Begini Cara BI Cegah Peredaran Uang Palsu

METROSEMARANG.COM – Untuk menghindari penukaran uang ilegal dan peredaran uang palsu, Kantor Perwakilan Bank Indonesia (BI) Jawa Tengah memperbanyak layanan penukaran di kantor perwakilan. Selain itu, BI juga membuka penukaran keliling ke pasar-pasar.

Masyarakat mengantre untuk menukarkan uang di Bank Indonesia Jateng. Foto: metrosemarang.com/dok
Masyarakat mengantre untuk menukarkan uang di Bank Indonesia Jateng. Foto: metrosemarang.com/dok

“Banyak cara kami lakukan, di antaranya membuka penukaran langsung di kantor dua pekan sebelum lebaran,” kata Kepala Kantor Perwakilan Bank Indonesia Jawa Tengah, Iskandar Simorangkir, Selasa (7/6).
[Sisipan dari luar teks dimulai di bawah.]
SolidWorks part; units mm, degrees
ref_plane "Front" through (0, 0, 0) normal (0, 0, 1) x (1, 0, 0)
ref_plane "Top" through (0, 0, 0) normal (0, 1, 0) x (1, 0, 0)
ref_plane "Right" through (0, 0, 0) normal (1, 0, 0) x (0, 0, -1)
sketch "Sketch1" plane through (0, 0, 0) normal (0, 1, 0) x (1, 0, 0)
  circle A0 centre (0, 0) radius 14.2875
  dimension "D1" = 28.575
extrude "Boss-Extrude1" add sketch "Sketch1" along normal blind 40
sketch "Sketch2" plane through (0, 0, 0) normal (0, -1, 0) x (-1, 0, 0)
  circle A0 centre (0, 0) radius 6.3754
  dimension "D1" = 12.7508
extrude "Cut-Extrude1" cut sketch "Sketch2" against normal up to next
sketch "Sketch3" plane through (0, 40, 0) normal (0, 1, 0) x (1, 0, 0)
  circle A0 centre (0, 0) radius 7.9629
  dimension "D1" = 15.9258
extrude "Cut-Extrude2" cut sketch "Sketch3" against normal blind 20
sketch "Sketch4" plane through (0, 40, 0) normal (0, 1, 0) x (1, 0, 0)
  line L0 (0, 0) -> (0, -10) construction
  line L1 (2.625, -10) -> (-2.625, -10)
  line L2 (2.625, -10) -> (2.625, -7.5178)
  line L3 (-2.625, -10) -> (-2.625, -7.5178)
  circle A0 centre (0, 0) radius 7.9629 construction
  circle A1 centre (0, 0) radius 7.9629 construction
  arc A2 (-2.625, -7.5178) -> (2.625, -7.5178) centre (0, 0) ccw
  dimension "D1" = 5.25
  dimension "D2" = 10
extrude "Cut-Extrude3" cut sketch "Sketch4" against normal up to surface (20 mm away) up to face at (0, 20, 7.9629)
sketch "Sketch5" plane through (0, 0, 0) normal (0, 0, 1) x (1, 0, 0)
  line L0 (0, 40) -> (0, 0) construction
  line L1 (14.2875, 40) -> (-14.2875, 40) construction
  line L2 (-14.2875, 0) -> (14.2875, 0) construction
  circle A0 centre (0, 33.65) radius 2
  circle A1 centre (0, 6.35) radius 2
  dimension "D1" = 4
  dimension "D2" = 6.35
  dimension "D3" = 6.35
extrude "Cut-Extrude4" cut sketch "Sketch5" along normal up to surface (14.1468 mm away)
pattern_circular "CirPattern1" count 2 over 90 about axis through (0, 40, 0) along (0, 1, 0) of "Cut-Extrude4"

BI Jateng yang berkantor di Kota S emarang membuka penukaran di kantornya mulai 20 hingga 30 Juni 2016. Loket penukaran mulai pukul 08.00 hingga pukul 12.00 dan melayani 800 orang per hari.

“Di Kota Semarang sudah teragendakan akan melayani penukaran keliling di Relokasi Pasar Johar Sementara kawasan Masjid Agung Jawa Tengah (MAJT), pasar Peterongan dan sejumlah pasar besar lain,” tambahnya.

Upaya mempermudah penukaran uang langsung bagi masyarakat itu diakui untuk memotong maraknya penukaran uang secara ilegal yang biasa terjadi di sejumlah jalan strategis. Risiko peredaran uang palsu juga tinggi jika penukaran dilakukan secara ilegal.

BI memperkirakan kebutuhan uang tunai di Jawa Tengah saat Ramadan dan menjelang lebaran mencapai Rp 19 triliun atau meningkat 9,7 persen dari tahun 2015 lalu. Perkiraan itu berdasarkan asumsi pertumbuhan ekonomi dan perputaran dan perputaran uang di masyarakat. (ade)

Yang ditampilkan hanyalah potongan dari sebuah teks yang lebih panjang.